Dataset records:
◇ ◇ ◇ ◇ ◇ ◇ ◇

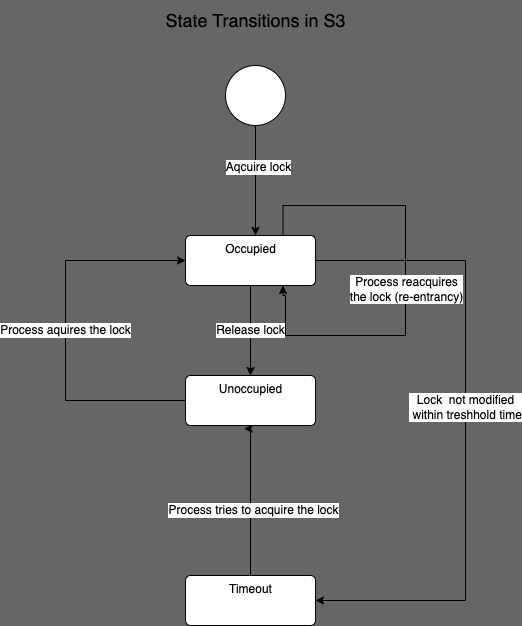

The diagram above was exported from draw.io. Its source (the exported page's mxGraphModel, read from the mxfile embedded in the PNG):
<mxGraphModel dx="729" dy="788" grid="1" gridSize="10" guides="1" tooltips="1" connect="1" arrows="1" fold="1" page="1" pageScale="1" pageWidth="827" pageHeight="1169" background="#666666" math="0" shadow="0">
  <root>
    <mxCell id="0" />
    <mxCell id="1" parent="0" />
    <mxCell id="2" style="edgeStyle=orthogonalEdgeStyle;rounded=0;html=1;" edge="1" parent="1" source="4">
      <mxGeometry relative="1" as="geometry">
        <mxPoint x="340" y="250" as="targetPoint" />
      </mxGeometry>
    </mxCell>
    <mxCell id="3" value="&lt;font style=&quot;font-size: 12px;&quot;&gt;Aqcuire lock&lt;/font&gt;" style="edgeLabel;html=1;align=center;verticalAlign=middle;resizable=0;points=[];" vertex="1" connectable="0" parent="2">
      <mxGeometry x="-0.2515" y="2" relative="1" as="geometry">
        <mxPoint as="offset" />
      </mxGeometry>
    </mxCell>
    <mxCell id="4" value="" style="shape=ellipse;html=1;dashed=0;whitespace=wrap;aspect=fixed;perimeter=ellipsePerimeter;" vertex="1" parent="1">
      <mxGeometry x="310" y="80" width="60" height="60" as="geometry" />
    </mxCell>
    <mxCell id="5" style="edgeStyle=orthogonalEdgeStyle;rounded=0;html=1;exitX=0.5;exitY=0;exitDx=0;exitDy=0;entryX=0.451;entryY=1.063;entryDx=0;entryDy=0;entryPerimeter=0;" edge="1" parent="1" source="7" target="15">
      <mxGeometry relative="1" as="geometry">
        <Array as="points">
          <mxPoint x="335" y="443" />
        </Array>
      </mxGeometry>
    </mxCell>
    <mxCell id="6" value="&lt;font style=&quot;font-size: 12px;&quot;&gt;Process tries to acquire the lock&lt;/font&gt;" style="edgeLabel;html=1;align=center;verticalAlign=middle;resizable=0;points=[];" vertex="1" connectable="0" parent="5">
      <mxGeometry x="-0.1384" y="-2" relative="1" as="geometry">
        <mxPoint as="offset" />
      </mxGeometry>
    </mxCell>
    <mxCell id="7" value="Timeout" style="html=1;align=center;verticalAlign=top;rounded=1;absoluteArcSize=1;arcSize=10;dashed=0;" vertex="1" parent="1">
      <mxGeometry x="270" y="590" width="130" height="50" as="geometry" />
    </mxCell>
    <mxCell id="8" value="&lt;font style=&quot;font-size: 12px;&quot;&gt;Release lock&lt;/font&gt;" style="edgeStyle=orthogonalEdgeStyle;rounded=0;html=1;exitX=0.5;exitY=1;exitDx=0;exitDy=0;entryX=0.5;entryY=0;entryDx=0;entryDy=0;" edge="1" parent="1" source="13" target="15">
      <mxGeometry relative="1" as="geometry">
        <mxPoint as="offset" />
      </mxGeometry>
    </mxCell>
    <mxCell id="9" style="edgeStyle=orthogonalEdgeStyle;rounded=0;html=1;exitX=1;exitY=0.5;exitDx=0;exitDy=0;entryX=1;entryY=0.5;entryDx=0;entryDy=0;" edge="1" parent="1" source="13" target="7">
      <mxGeometry relative="1" as="geometry">
        <Array as="points">
          <mxPoint x="550" y="275" />
          <mxPoint x="550" y="615" />
        </Array>
      </mxGeometry>
    </mxCell>
    <mxCell id="10" value="&lt;font style=&quot;font-size: 12px;&quot;&gt;Lock&amp;nbsp; not modified&lt;br&gt;&amp;nbsp;within treshhold time&lt;/font&gt;" style="edgeLabel;html=1;align=center;verticalAlign=middle;resizable=0;points=[];" vertex="1" connectable="0" parent="9">
      <mxGeometry x="-0.0736" y="-1" relative="1" as="geometry">
        <mxPoint as="offset" />
      </mxGeometry>
    </mxCell>
    <mxCell id="11" style="edgeStyle=orthogonalEdgeStyle;rounded=0;html=1;exitX=0.75;exitY=0;exitDx=0;exitDy=0;entryX=0.75;entryY=1;entryDx=0;entryDy=0;" edge="1" parent="1" source="13" target="13">
      <mxGeometry relative="1" as="geometry">
        <mxPoint x="390" y="310" as="targetPoint" />
        <Array as="points">
          <mxPoint x="368" y="220" />
          <mxPoint x="490" y="220" />
          <mxPoint x="490" y="350" />
          <mxPoint x="370" y="350" />
          <mxPoint x="370" y="310" />
          <mxPoint x="368" y="310" />
        </Array>
      </mxGeometry>
    </mxCell>
    <mxCell id="12" value="&lt;font style=&quot;font-size: 12px;&quot;&gt;Process reacquires&lt;br&gt;the lock (re-entrancy)&lt;/font&gt;" style="edgeLabel;html=1;align=center;verticalAlign=middle;resizable=0;points=[];" vertex="1" connectable="0" parent="11">
      <mxGeometry x="0.0382" relative="1" as="geometry">
        <mxPoint as="offset" />
      </mxGeometry>
    </mxCell>
    <mxCell id="13" value="Occupied" style="html=1;align=center;verticalAlign=top;rounded=1;absoluteArcSize=1;arcSize=10;dashed=0;" vertex="1" parent="1">
      <mxGeometry x="270" y="250" width="130" height="50" as="geometry" />
    </mxCell>
    <mxCell id="14" value="&lt;font style=&quot;font-size: 12px;&quot;&gt;Process aquires the lock&lt;/font&gt;" style="edgeStyle=orthogonalEdgeStyle;rounded=0;html=1;exitX=0;exitY=0.5;exitDx=0;exitDy=0;entryX=0;entryY=0.5;entryDx=0;entryDy=0;" edge="1" parent="1" source="15" target="13">
      <mxGeometry relative="1" as="geometry">
        <Array as="points">
          <mxPoint x="150" y="415" />
          <mxPoint x="150" y="275" />
        </Array>
      </mxGeometry>
    </mxCell>
    <mxCell id="15" value="Unoccupied" style="html=1;align=center;verticalAlign=top;rounded=1;absoluteArcSize=1;arcSize=10;dashed=0;" vertex="1" parent="1">
      <mxGeometry x="270" y="390" width="130" height="50" as="geometry" />
    </mxCell>
    <mxCell id="17" value="&lt;font style=&quot;font-size: 18px;&quot;&gt;State Transitions in S3&lt;/font&gt;" style="text;html=1;align=center;verticalAlign=middle;resizable=0;points=[];autosize=1;strokeColor=none;fillColor=none;fontSize=12;" vertex="1" parent="1">
      <mxGeometry x="240" y="15" width="200" height="40" as="geometry" />
    </mxCell>
  </root>
</mxGraphModel>

◇ ◇ ◇ ◇ ◇ ◇ ◇

* [WORK INSTRUCTIONS] Exclude every picture and copy the remaining data exactly.

* [RESPONSE]
The diagram above was exported from draw.io. Its source (the exported page's mxGraphModel, read from the mxfile embedded in the PNG):
<mxGraphModel dx="729" dy="788" grid="1" gridSize="10" guides="1" tooltips="1" connect="1" arrows="1" fold="1" page="1" pageScale="1" pageWidth="827" pageHeight="1169" background="#666666" math="0" shadow="0">
  <root>
    <mxCell id="0" />
    <mxCell id="1" parent="0" />
    <mxCell id="2" style="edgeStyle=orthogonalEdgeStyle;rounded=0;html=1;" edge="1" parent="1" source="4">
      <mxGeometry relative="1" as="geometry">
        <mxPoint x="340" y="250" as="targetPoint" />
      </mxGeometry>
    </mxCell>
    <mxCell id="3" value="&lt;font style=&quot;font-size: 12px;&quot;&gt;Aqcuire lock&lt;/font&gt;" style="edgeLabel;html=1;align=center;verticalAlign=middle;resizable=0;points=[];" vertex="1" connectable="0" parent="2">
      <mxGeometry x="-0.2515" y="2" relative="1" as="geometry">
        <mxPoint as="offset" />
      </mxGeometry>
    </mxCell>
    <mxCell id="4" value="" style="shape=ellipse;html=1;dashed=0;whitespace=wrap;aspect=fixed;perimeter=ellipsePerimeter;" vertex="1" parent="1">
      <mxGeometry x="310" y="80" width="60" height="60" as="geometry" />
    </mxCell>
    <mxCell id="5" style="edgeStyle=orthogonalEdgeStyle;rounded=0;html=1;exitX=0.5;exitY=0;exitDx=0;exitDy=0;entryX=0.451;entryY=1.063;entryDx=0;entryDy=0;entryPerimeter=0;" edge="1" parent="1" source="7" target="15">
      <mxGeometry relative="1" as="geometry">
        <Array as="points">
          <mxPoint x="335" y="443" />
        </Array>
      </mxGeometry>
    </mxCell>
    <mxCell id="6" value="&lt;font style=&quot;font-size: 12px;&quot;&gt;Process tries to acquire the lock&lt;/font&gt;" style="edgeLabel;html=1;align=center;verticalAlign=middle;resizable=0;points=[];" vertex="1" connectable="0" parent="5">
      <mxGeometry x="-0.1384" y="-2" relative="1" as="geometry">
        <mxPoint as="offset" />
      </mxGeometry>
    </mxCell>
    <mxCell id="7" value="Timeout" style="html=1;align=center;verticalAlign=top;rounded=1;absoluteArcSize=1;arcSize=10;dashed=0;" vertex="1" parent="1">
      <mxGeometry x="270" y="590" width="130" height="50" as="geometry" />
    </mxCell>
    <mxCell id="8" value="&lt;font style=&quot;font-size: 12px;&quot;&gt;Release lock&lt;/font&gt;" style="edgeStyle=orthogonalEdgeStyle;rounded=0;html=1;exitX=0.5;exitY=1;exitDx=0;exitDy=0;entryX=0.5;entryY=0;entryDx=0;entryDy=0;" edge="1" parent="1" source="13" target="15">
      <mxGeometry relative="1" as="geometry">
        <mxPoint as="offset" />
      </mxGeometry>
    </mxCell>
    <mxCell id="9" style="edgeStyle=orthogonalEdgeStyle;rounded=0;html=1;exitX=1;exitY=0.5;exitDx=0;exitDy=0;entryX=1;entryY=0.5;entryDx=0;entryDy=0;" edge="1" parent="1" source="13" target="7">
      <mxGeometry relative="1" as="geometry">
        <Array as="points">
          <mxPoint x="550" y="275" />
          <mxPoint x="550" y="615" />
        </Array>
      </mxGeometry>
    </mxCell>
    <mxCell id="10" value="&lt;font style=&quot;font-size: 12px;&quot;&gt;Lock&amp;nbsp; not modified&lt;br&gt;&amp;nbsp;within treshhold time&lt;/font&gt;" style="edgeLabel;html=1;align=center;verticalAlign=middle;resizable=0;points=[];" vertex="1" connectable="0" parent="9">
      <mxGeometry x="-0.0736" y="-1" relative="1" as="geometry">
        <mxPoint as="offset" />
      </mxGeometry>
    </mxCell>
    <mxCell id="11" style="edgeStyle=orthogonalEdgeStyle;rounded=0;html=1;exitX=0.75;exitY=0;exitDx=0;exitDy=0;entryX=0.75;entryY=1;entryDx=0;entryDy=0;" edge="1" parent="1" source="13" target="13">
      <mxGeometry relative="1" as="geometry">
        <mxPoint x="390" y="310" as="targetPoint" />
        <Array as="points">
          <mxPoint x="368" y="220" />
          <mxPoint x="490" y="220" />
          <mxPoint x="490" y="350" />
          <mxPoint x="370" y="350" />
          <mxPoint x="370" y="310" />
          <mxPoint x="368" y="310" />
        </Array>
      </mxGeometry>
    </mxCell>
    <mxCell id="12" value="&lt;font style=&quot;font-size: 12px;&quot;&gt;Process reacquires&lt;br&gt;the lock (re-entrancy)&lt;/font&gt;" style="edgeLabel;html=1;align=center;verticalAlign=middle;resizable=0;points=[];" vertex="1" connectable="0" parent="11">
      <mxGeometry x="0.0382" relative="1" as="geometry">
        <mxPoint as="offset" />
      </mxGeometry>
    </mxCell>
    <mxCell id="13" value="Occupied" style="html=1;align=center;verticalAlign=top;rounded=1;absoluteArcSize=1;arcSize=10;dashed=0;" vertex="1" parent="1">
      <mxGeometry x="270" y="250" width="130" height="50" as="geometry" />
    </mxCell>
    <mxCell id="14" value="&lt;font style=&quot;font-size: 12px;&quot;&gt;Process aquires the lock&lt;/font&gt;" style="edgeStyle=orthogonalEdgeStyle;rounded=0;html=1;exitX=0;exitY=0.5;exitDx=0;exitDy=0;entryX=0;entryY=0.5;entryDx=0;entryDy=0;" edge="1" parent="1" source="15" target="13">
      <mxGeometry relative="1" as="geometry">
        <Array as="points">
          <mxPoint x="150" y="415" />
          <mxPoint x="150" y="275" />
        </Array>
      </mxGeometry>
    </mxCell>
    <mxCell id="15" value="Unoccupied" style="html=1;align=center;verticalAlign=top;rounded=1;absoluteArcSize=1;arcSize=10;dashed=0;" vertex="1" parent="1">
      <mxGeometry x="270" y="390" width="130" height="50" as="geometry" />
    </mxCell>
    <mxCell id="17" value="&lt;font style=&quot;font-size: 18px;&quot;&gt;State Transitions in S3&lt;/font&gt;" style="text;html=1;align=center;verticalAlign=middle;resizable=0;points=[];autosize=1;strokeColor=none;fillColor=none;fontSize=12;" vertex="1" parent="1">
      <mxGeometry x="240" y="15" width="200" height="40" as="geometry" />
    </mxCell>
  </root>
</mxGraphModel>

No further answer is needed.